**Task description:** Your response should contain only the lines running from the top of the data below through the line with "doc.linetypes.add(name, pattern=pattern)", both included. Pictures must be omitted.

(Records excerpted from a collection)
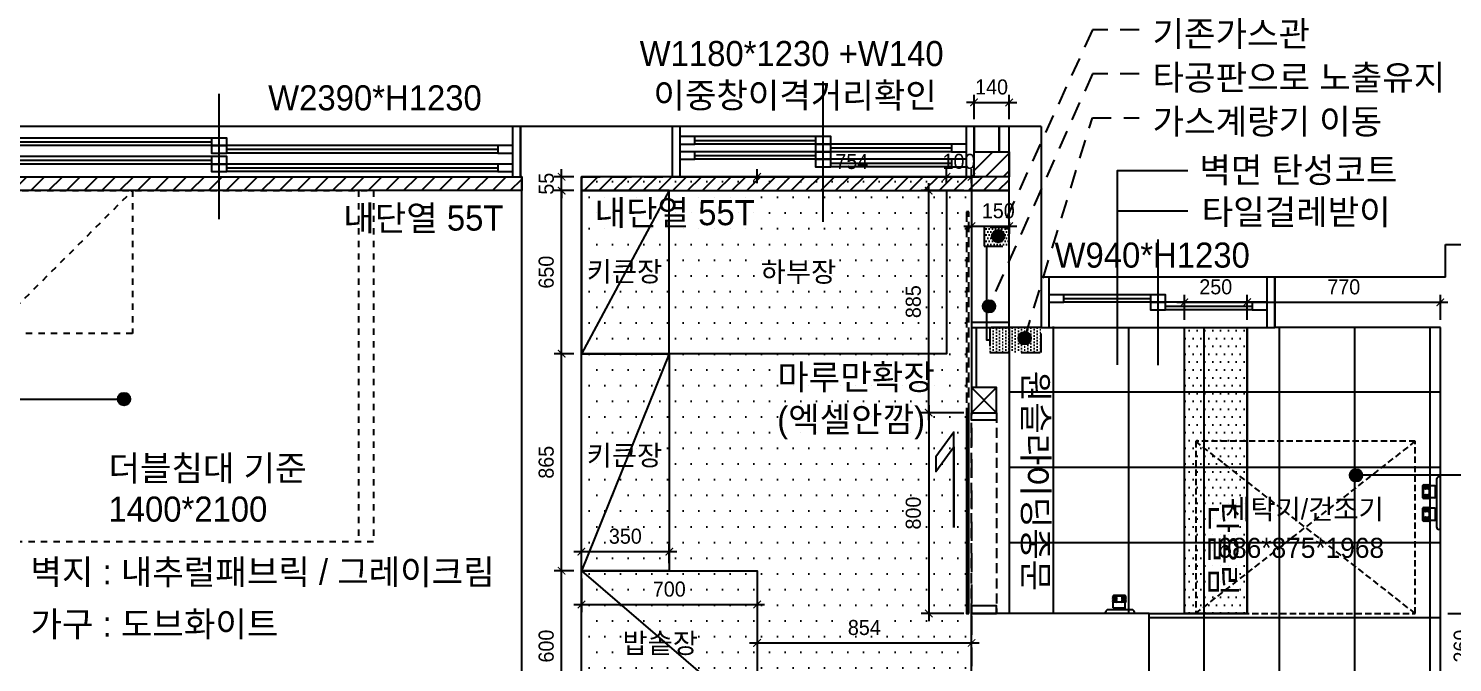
# Model space of a CAD drawing. Header units: inches. Extents: x 4374 to 164780, y 597 to 50243.
# Drawn here: x 9867 to 15540, y 30355 to 32881 of the extents above; entities that cross this region are included whole.
import ezdxf

# ---------------------------------------------------------------- set-up
doc = ezdxf.new("R2010")
doc.units = ezdxf.units.IN
doc.header["$LTSCALE"] = 50
doc.header["$MEASUREMENT"] = 0
doc.header["$PDSIZE"] = 700.071425
for name, pattern in [('DASHED', [0.75, 0.5, -0.25]), ('DASHEDX2', [1.5, 1, -0.5]), ('DH-HID2', [1.2, 0.8, -0.4]), ('HID', [2.5, 1.5, -1]), ('HID2', [1, 0.5, -0.5])]:
    doc.linetypes.add(name, pattern=pattern)
for name, color, linetype in [('0-ELC TEXT', 7, 'Continuous'), ('03-WAL NEW', 3, 'Continuous'), ('04-WIN', 4, 'Continuous'), ('06-FUR', 6, 'Continuous'), ('07-DIM WAL', 5, 'Continuous'), ('08-HAT', 8, 'Continuous'), ('3.기호.계단선', 30, 'Continuous'), ('CO-DOOR', 8, 'Continuous'), ('fin', 5, 'Continuous'), ('FUR', 8, 'DASHED'), ('Layer 1', 7, 'Continuous'), ('도면층2', 2, 'Continuous'), ('도면층4', 4, 'Continuous'), ('도면층5', 5, 'Continuous')]:
    doc.layers.add(name, color=color, linetype=linetype)
doc.styles.add('HY 울릉도 L', font='')
doc.styles.add('코레일둥고', font='Korail_Round_Gothic_Medium.ttf')
doc.styles.get('HY 울릉도 L').set_extended_font_data('HY울릉도L')
doc.dimstyles.new('30', dxfattribs={"dimscale": 30, "dimtxt": 2, "dimasz": 1, "dimexe": 1, "dimexo": 1, "dimgap": 1, "dimtad": 1, "dimdec": 0, "dimrnd": 0.05, "dimdsep": 46, "dimlunit": 6, "dimtxsty": 'HY 울릉도 L', "dimblk": 'ARCHTICK', "dimcen": 2.5, "dimdle": 1, "dimclrd": 133, "dimclre": 133, "dimclrt": 30, "dimadec": 0, "dimazin": 0, "dimtfac": 1, "dimtdec": 0, "dimtix": 1, "dimtmove": 2, "dimatfit": 3, "dimldrblk": 'ARCHTICK', "dimfxl": 0, "dimlwd": -1, "dimlwe": -1, "dimarcsym": 0})
pattern_1 = [(45, (25350.41, 14333.41), (-35.35534, 35.35534), [])]

# ---------------------------------------------------------------- blocks, each defined once
blk = doc.blocks.new('A$C004A4CAE')
at = {"layer": 'fin', "color": 6}
for p, q in [((36, 69), (36, 70)), ((84, 69), (36, 69)), ((51, 63), (36, 63)), ((51, 57), (36, 57)), ((82, 72), (38, 72)), ((84, 63), (69, 63)), ((84, 57), (69, 57)), ((84, 69), (84, 70)), ((126, 69), (126, 70)), ((174, 69), (126, 69)), ((141, 63), (126, 63)), ((141, 57), (126, 57)), ((172, 72), (128, 72)), ((174, 63), (159, 63)), ((174, 57), (159, 57)), ((174, 69), (174, 70)), ((0, 0), (0, 5)), ((200, 15), (10, 15)), ((51, 51), (36, 51)), ((36, 23), (36, 45)), ((84, 45), (36, 45)), ((82, 21), (38, 21)), ((43, 15), (43, 21)), ((84, 51), (69, 51)), ((77, 15), (77, 21)), ((84, 23), (84, 45)), ((141, 51), (126, 51)), ((174, 45), (126, 45)), ((126, 23), (126, 45)), ((172, 21), (128, 21)), ((133, 15), (133, 21)), ((174, 51), (159, 51)), ((167, 15), (167, 21)), ((174, 23), (174, 45)), ((210, 0), (210, 5))]:
    blk.add_line(p, q, dxfattribs=at)
for centre, radius, start, end in [((36, 66), 3, 90, 270), ((36, 60), 3, 90, 270), ((36, 54), 3, 90, 270), ((38, 70), 2, 90, 180), ((51, 66), 3, 90, 270), ((51, 60), 3, 90, 270), ((51, 54), 3, 90, 270), ((69, 66), 3, 270, 90), ((69, 60), 3, 270, 90), ((69, 54), 3, 270, 90), ((82, 70), 2, 0, 90), ((84, 66), 3, 270, 90), ((84, 60), 3, 270, 90), ((84, 54), 3, 270, 90), ((126, 66), 3, 90, 270), ((126, 60), 3, 90, 270), ((126, 54), 3, 90, 270), ((128, 70), 2, 90, 180), ((141, 66), 3, 90, 270), ((141, 60), 3, 90, 270), ((141, 54), 3, 90, 270), ((159, 66), 3, 270, 90), ((159, 60), 3, 270, 90), ((159, 54), 3, 270, 90), ((172, 70), 2, 0, 90), ((174, 66), 3, 270, 90), ((174, 60), 3, 270, 90), ((174, 54), 3, 270, 90), ((10, 5), 10, 90, 180), ((36, 48), 3, 90, 270), ((38, 23), 2, 180, 270), ((51, 48), 3, 90, 270), ((69, 48), 3, 270, 90), ((82, 23), 2, 270, 0), ((84, 48), 3, 270, 90), ((126, 48), 3, 90, 270), ((128, 23), 2, 180, 270), ((141, 48), 3, 90, 270), ((159, 48), 3, 270, 90), ((172, 23), 2, 270, 0), ((174, 48), 3, 270, 90), ((200, 5), 10, 0, 90)]:
    blk.add_arc(centre, radius, start, end, dxfattribs=at)
blk = doc.blocks.new('floor')
at = {"layer": 'fin', "color": 6}
for p, q in [((-35932.6, 9946.2), (-35932.6, 9947.2)), ((-35884.6, 9946.2), (-35932.6, 9946.2)), ((-35917.6, 9940.2), (-35932.6, 9940.2)), ((-35917.6, 9934.2), (-35932.6, 9934.2)), ((-35917.6, 9928.2), (-35932.6, 9928.2)), ((-35886.6, 9949.2), (-35930.6, 9949.2)), ((-35884.6, 9940.2), (-35899.6, 9940.2)), ((-35884.6, 9934.2), (-35899.6, 9934.2)), ((-35884.6, 9928.2), (-35899.6, 9928.2)), ((-35884.6, 9946.2), (-35884.6, 9947.2)), ((-35963, 9877.2), (-35963, 9882.2)), ((-35858.6, 9892.2), (-35953, 9892.2)), ((-35884.6, 9922.2), (-35932.6, 9922.2)), ((-35932.6, 9900.2), (-35932.6, 9922.2)), ((-35886.6, 9898.2), (-35930.6, 9898.2)), ((-35925.6, 9892.2), (-35925.6, 9898.2)), ((-35891.6, 9892.2), (-35891.6, 9898.2)), ((-35884.6, 9900.2), (-35884.6, 9922.2)), ((-35848.6, 9877.2), (-35848.6, 9882.2))]:
    blk.add_line(p, q, dxfattribs=at)
for centre, radius, start, end in [((-35932.6, 9943.2), 3, 90, 270), ((-35932.6, 9937.2), 3, 90, 270), ((-35932.6, 9931.2), 3, 90, 270), ((-35932.6, 9925.2), 3, 90, 270), ((-35930.6, 9947.2), 2, 90, 180), ((-35917.6, 9943.2), 3, 90, 270), ((-35917.6, 9937.2), 3, 90, 270), ((-35917.6, 9931.2), 3, 90, 270), ((-35917.6, 9925.2), 3, 90, 270), ((-35899.6, 9943.2), 3, 270, 90), ((-35899.6, 9937.2), 3, 270, 90), ((-35899.6, 9931.2), 3, 270, 90), ((-35899.6, 9925.2), 3, 270, 90), ((-35886.6, 9947.2), 2, 0, 90), ((-35884.6, 9943.2), 3, 270, 90), ((-35884.6, 9937.2), 3, 270, 90), ((-35884.6, 9931.2), 3, 270, 90), ((-35884.6, 9925.2), 3, 270, 90), ((-35953, 9882.2), 10, 90, 180), ((-35930.6, 9900.2), 2, 180, 270), ((-35886.6, 9900.2), 2, 270, 0), ((-35858.6, 9882.2), 10, 0, 90)]:
    blk.add_arc(centre, radius, start, end, dxfattribs=at)
at = {"layer": 'Layer 1'}
for p, q in [((-36347.4, 11017.2), (-36347.4, 9877.2)), ((-35399.4, 9877.2), (-35399.4, 11017.2)), ((-35789.4, 9877.2), (-35399.4, 9877.2))]:
    blk.add_line(p, q, dxfattribs=at)
at = {"layer": '도면층2'}
for p, q in [((-37689.4, 11817.2), (-38294.4, 11817.2)), ((-38294.4, 11817.2), (-38294.4, 11617.2)), ((-37689.4, 11817.2), (-37689.4, 11617.2)), ((-36219.4, 11817.2), (-36347.4, 11817.2)), ((-36347.4, 11017.2), (-36347.4, 11817.2)), ((-36219.4, 11817.2), (-36219.4, 11017.2)), ((-38289.4, 11617.2), (-38294.4, 11617.2)), ((-38289.4, 8977.2), (-38289.4, 11617.2)), ((-37689.4, 11617.2), (-38051.4, 11617.2)), ((-38051.4, 8977.2), (-38051.4, 11617.2)), ((-34609.4, 11347.2), (-34609.4, 11347.2)), ((-34609.4, 11347.2), (-34429.4, 11347.2)), ((-34609.4, 11217.2), (-34609.4, 11347.2)), ((-34609.4, 11217.2), (-35289.4, 11217.2)), ((-35289.4, 11217.2), (-35289.4, 11017.2)), ((-36219.4, 11017.2), (-36347.4, 11017.2)), ((-34629.4, 11017.2), (-35289.4, 11017.2)), ((-34629.4, 9617.2), (-34629.4, 11017.2)), ((-35789.4, 9877.2), (-36497.4, 9877.2)), ((-36497.4, 9327.2), (-36497.4, 9877.2)), ((-35789.4, 9617.2), (-35789.4, 9877.2))]:
    blk.add_line(p, q, dxfattribs=at)
at = {"layer": '도면층4'}
for p, q in [((-37088.4, 11497.2), (-37088.4, 11997.2)), ((-39494.4, 11448), (-39494.4, 11948)), ((-37088.4, 11437.2), (-37088.4, 11937.2)), ((-38294.4, 11817.2), (-40694.4, 11817.2)), ((-38324.4, 11617.2), (-38324.4, 11817.2)), ((-38294.4, 11617.2), (-38294.4, 11817.2)), ((-36487.4, 11817.2), (-37689.4, 11817.2)), ((-37689.4, 11817.2), (-37689.4, 11617.2)), ((-37659.4, 11817.2), (-37659.4, 11617.2)), ((-36517.4, 11617.2), (-36517.4, 11817.2)), ((-36487.4, 11617.2), (-36487.4, 11817.2)), ((-40604.4, 11756.8), (-39524.4, 11756.8)), ((-37599.4, 11762.2), (-37118.4, 11762.2)), ((-39464.4, 11726.8), (-38384.4, 11726.8)), ((-37599.4, 11702.2), (-37118.4, 11702.2)), ((-37058.4, 11732.2), (-36577.4, 11732.2)), ((-40604.4, 11683), (-39524.4, 11683)), ((-39464.4, 11653), (-38384.4, 11653)), ((-37058.4, 11672.2), (-36577.4, 11672.2)), ((-40694.4, 11617.2), (-38294.4, 11617.2)), ((-37689.4, 11617.2), (-36487.4, 11617.2)), ((-35754.4, 10867.2), (-35754.4, 11367.2)), ((-35289.4, 11217.2), (-36219.4, 11217.2)), ((-36219.4, 11217.2), (-36219.4, 11017.2)), ((-36189.4, 11217.2), (-36189.4, 11017.2)), ((-35319.4, 11017.2), (-35319.4, 11217.2)), ((-35289.4, 11017.2), (-35289.4, 11217.2)), ((-36129.4, 11132.2), (-35784.4, 11132.2)), ((-35724.4, 11102.2), (-35379.4, 11102.2)), ((-36219.4, 11017.2), (-35289.4, 11017.2))]:
    blk.add_line(p, q, dxfattribs=at)
for points in [[(-36487.4, 11717.2), (-36387.4, 11717.2), (-36387.4, 11817.2), (-36487.4, 11817.2)], [(-36387.4, 11717.2), (-36347.4, 11717.2), (-36347.4, 11817.2), (-36387.4, 11817.2)], [(-39524.4, 11771.8), (-39524.4, 11741.8), (-39464.4, 11741.8), (-39464.4, 11771.8)], [(-37659.4, 11777.2), (-37659.4, 11747.2), (-37599.4, 11747.2), (-37599.4, 11777.2)], [(-37118.4, 11777.2), (-37118.4, 11747.2), (-37058.4, 11747.2), (-37058.4, 11777.2)], [(-37118.4, 11747.2), (-37118.4, 11717.2), (-37058.4, 11717.2), (-37058.4, 11747.2)], [(-36577.4, 11747.2), (-36577.4, 11717.2), (-36517.4, 11717.2), (-36517.4, 11747.2)], [(-39524.4, 11741.8), (-39524.4, 11711.8), (-39464.4, 11711.8), (-39464.4, 11741.8)], [(-39524.4, 11698), (-39524.4, 11668), (-39464.4, 11668), (-39464.4, 11698)], [(-38384.4, 11741.8), (-38384.4, 11711.8), (-38324.4, 11711.8), (-38324.4, 11741.8)], [(-37659.4, 11717.2), (-37659.4, 11687.2), (-37599.4, 11687.2), (-37599.4, 11717.2)], [(-37118.4, 11717.2), (-37118.4, 11687.2), (-37058.4, 11687.2), (-37058.4, 11717.2)], [(-37118.4, 11687.2), (-37118.4, 11657.2), (-37058.4, 11657.2), (-37058.4, 11687.2)], [(-36577.4, 11687.2), (-36577.4, 11657.2), (-36517.4, 11657.2), (-36517.4, 11687.2)], [(-39524.4, 11668), (-39524.4, 11638), (-39464.4, 11638), (-39464.4, 11668)], [(-38384.4, 11668), (-38384.4, 11638), (-38324.4, 11638), (-38324.4, 11668)], [(-36189.4, 11147.2), (-36189.4, 11117.2), (-36129.4, 11117.2), (-36129.4, 11147.2)], [(-35784.4, 11147.2), (-35784.4, 11117.2), (-35724.4, 11117.2), (-35724.4, 11147.2)], [(-35784.4, 11117.2), (-35784.4, 11087.2), (-35724.4, 11087.2), (-35724.4, 11117.2)], [(-35379.4, 11117.2), (-35379.4, 11087.2), (-35319.4, 11087.2), (-35319.4, 11117.2)]]:
    blk.add_lwpolyline(points, close=True, dxfattribs=at)
at = {"layer": '도면층5'}
for p, q in [((-39524.4, 11771.8), (-40604.4, 11771.8)), ((-37118.4, 11777.2), (-37599.4, 11777.2)), ((-37118.4, 11747.2), (-37599.4, 11747.2)), ((-36577.4, 11747.2), (-37058.4, 11747.2)), ((-39524.4, 11741.8), (-40604.4, 11741.8)), ((-39524.4, 11698), (-40604.4, 11698)), ((-38384.4, 11741.8), (-39464.4, 11741.8)), ((-38384.4, 11711.8), (-39464.4, 11711.8)), ((-37118.4, 11717.2), (-37599.4, 11717.2)), ((-37118.4, 11687.2), (-37599.4, 11687.2)), ((-36577.4, 11717.2), (-37058.4, 11717.2)), ((-36577.4, 11687.2), (-37058.4, 11687.2)), ((-39524.4, 11668), (-40604.4, 11668)), ((-38384.4, 11668), (-39464.4, 11668)), ((-38384.4, 11638), (-39464.4, 11638)), ((-36577.4, 11657.2), (-37058.4, 11657.2)), ((-35784.4, 11147.2), (-36129.4, 11147.2)), ((-35784.4, 11117.2), (-36129.4, 11117.2)), ((-35379.4, 11117.2), (-35724.4, 11117.2)), ((-35379.4, 11087.2), (-35724.4, 11087.2))]:
    blk.add_line(p, q, dxfattribs=at)
at = {"rotation": 90}
blk.add_blockref('A$C004A4CAE', (-34629.4, 10212.2), dxfattribs=at)
blk = doc.blocks.new('_ArchTick')
at = {"color": 0, "linetype": 'ByBlock', "const_width": 0.15}
blk.add_lwpolyline([(-0.5, -0.5), (0.5, 0.5)], dxfattribs=at)
blk = doc.blocks.new('*D241')
at = {"color": 133}
for p, q in [((13633.9, 32586.4), (13603.9, 32586.4)), ((13633.9, 32520.1), (13633.9, 32616.4)), ((13633.9, 32586.4), (13773.9, 32586.4)), ((13773.9, 32520.1), (13773.9, 32616.4)), ((13773.9, 32586.4), (13803.9, 32586.4))]:
    blk.add_line(p, q, dxfattribs=at)
at = {"layer": 'Defpoints', "color": 0}
for p in [(13773.9, 32586.4), (13633.9, 32490.1), (13773.9, 32490.1)]:
    blk.add_point(p, dxfattribs=at)
at = {"color": 133, "xscale": 30, "yscale": 30, "zscale": 30}
blk.add_blockref('_ArchTick', (13633.9, 32586.4), dxfattribs=at)
at = {"color": 133, "xscale": 30, "yscale": 30, "zscale": 30, "rotation": 180}
blk.add_blockref('_ArchTick', (13773.9, 32586.4), dxfattribs=at)
at = {"color": 30, "insert": (13703.9, 32647.7), "char_height": 60, "attachment_point": 5, "style": 'HY 울릉도 L'}
blk.add_mtext('140', dxfattribs=at)
blk = doc.blocks.new('*D242')
at = {"layer": '07-DIM WAL', "color": 133}
for p, q in [((13623.9, 32108.9), (13623.9, 32063.1)), ((13773.9, 32108.9), (13773.9, 32063.1)), ((13593.9, 32093.1), (13803.9, 32093.1))]:
    blk.add_line(p, q, dxfattribs=at)
at = {"layer": 'Defpoints', "color": 0}
for p in [(13623.9, 32138.9), (13773.9, 32138.9), (13773.9, 32093.1)]:
    blk.add_point(p, dxfattribs=at)
at = {"layer": '07-DIM WAL', "color": 133, "xscale": 30, "yscale": 30, "zscale": 30, "rotation": 180}
blk.add_blockref('_ArchTick', (13623.9, 32093.1), dxfattribs=at)
at = {"layer": '07-DIM WAL', "color": 133, "xscale": 30, "yscale": 30, "zscale": 30}
blk.add_blockref('_ArchTick', (13773.9, 32093.1), dxfattribs=at)
at = {"layer": '07-DIM WAL', "color": 30, "insert": (13730.6, 32154.4), "char_height": 60, "attachment_point": 5, "style": 'HY 울릉도 L'}
blk.add_mtext('150', dxfattribs=at)
blk = doc.blocks.new('*D325')
at = {"layer": '07-DIM WAL', "color": 133}
for p, q in [((13453.5, 31380.1), (13453.5, 30520.1)), ((13593.9, 31350.1), (13423.5, 31350.1)), ((13593.9, 30550.1), (13423.5, 30550.1))]:
    blk.add_line(p, q, dxfattribs=at)
at = {"layer": 'Defpoints', "color": 0}
for p in [(13623.9, 31350.1), (13453.5, 30550.1), (13623.9, 30550.1)]:
    blk.add_point(p, dxfattribs=at)
at = {"layer": '07-DIM WAL', "color": 133, "xscale": 30, "yscale": 30, "zscale": 30}
for p, rotation in [((13453.5, 31350.1), 90), ((13453.5, 30550.1), 270)]:
    blk.add_blockref('_ArchTick', p, dxfattribs=dict(at, rotation=rotation))
at = {"layer": '07-DIM WAL', "color": 30, "insert": (13392.2, 30950.1), "char_height": 60, "attachment_point": 5, "rotation": 90, "style": 'HY 울릉도 L'}
blk.add_mtext('800', dxfattribs=at)
blk = doc.blocks.new('*D326')
at = {"layer": '07-DIM WAL', "color": 133}
for p, q in [((13593.9, 32235.1), (13423.5, 32235.1)), ((13453.5, 31320.1), (13453.5, 32265.1)), ((13593.9, 31350.1), (13423.5, 31350.1))]:
    blk.add_line(p, q, dxfattribs=at)
at = {"layer": 'Defpoints', "color": 0}
for p in [(13453.5, 32235.1), (13623.9, 32235.1), (13623.9, 31350.1)]:
    blk.add_point(p, dxfattribs=at)
at = {"layer": '07-DIM WAL', "color": 133, "xscale": 30, "yscale": 30, "zscale": 30}
for p, rotation in [((13453.5, 32235.1), 90), ((13453.5, 31350.1), 270)]:
    blk.add_blockref('_ArchTick', p, dxfattribs=dict(at, rotation=rotation))
at = {"layer": '07-DIM WAL', "color": 30, "insert": (13392.2, 31792.6), "char_height": 60, "attachment_point": 5, "rotation": 90, "style": 'HY 울릉도 L'}
blk.add_mtext('885', dxfattribs=at)
blk = doc.blocks.new('*D327')
at = {"layer": '07-DIM WAL', "color": 133}
for p, q in [((12739.9, 30432.6), (13653.9, 30432.6)), ((12769.9, 30412.6), (12769.9, 30402.6))]:
    blk.add_line(p, q, dxfattribs=at)
at = {"layer": 'Defpoints', "color": 0}
for p in [(12769.9, 30442.6), (13623.9, 30432.6), (13623.9, 30432.6)]:
    blk.add_point(p, dxfattribs=at)
at = {"layer": '07-DIM WAL', "color": 133, "xscale": 30, "yscale": 30, "zscale": 30, "rotation": 180}
blk.add_blockref('_ArchTick', (12769.9, 30432.6), dxfattribs=at)
at = {"layer": '07-DIM WAL', "color": 133, "xscale": 30, "yscale": 30, "zscale": 30}
blk.add_blockref('_ArchTick', (13623.9, 30432.6), dxfattribs=at)
at = {"layer": '07-DIM WAL', "color": 30, "insert": (13196.9, 30493.9), "char_height": 60, "attachment_point": 5, "style": 'HY 울릉도 L'}
blk.add_mtext('854', dxfattribs=at)
blk = doc.blocks.new('*D328')
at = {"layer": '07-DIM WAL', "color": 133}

**Result:**
# Model space of a CAD drawing. Header units: inches. Extents: x 4374 to 164780, y 597 to 50243.
# Drawn here: x 9867 to 15540, y 30355 to 32881 of the extents above; entities that cross this region are included whole.
import ezdxf

# ---------------------------------------------------------------- set-up
doc = ezdxf.new("R2010")
doc.units = ezdxf.units.IN
doc.header["$LTSCALE"] = 50
doc.header["$MEASUREMENT"] = 0
doc.header["$PDSIZE"] = 700.071425
for name, pattern in [('DASHED', [0.75, 0.5, -0.25]), ('DASHEDX2', [1.5, 1, -0.5]), ('DH-HID2', [1.2, 0.8, -0.4]), ('HID', [2.5, 1.5, -1]), ('HID2', [1, 0.5, -0.5])]:
    doc.linetypes.add(name, pattern=pattern)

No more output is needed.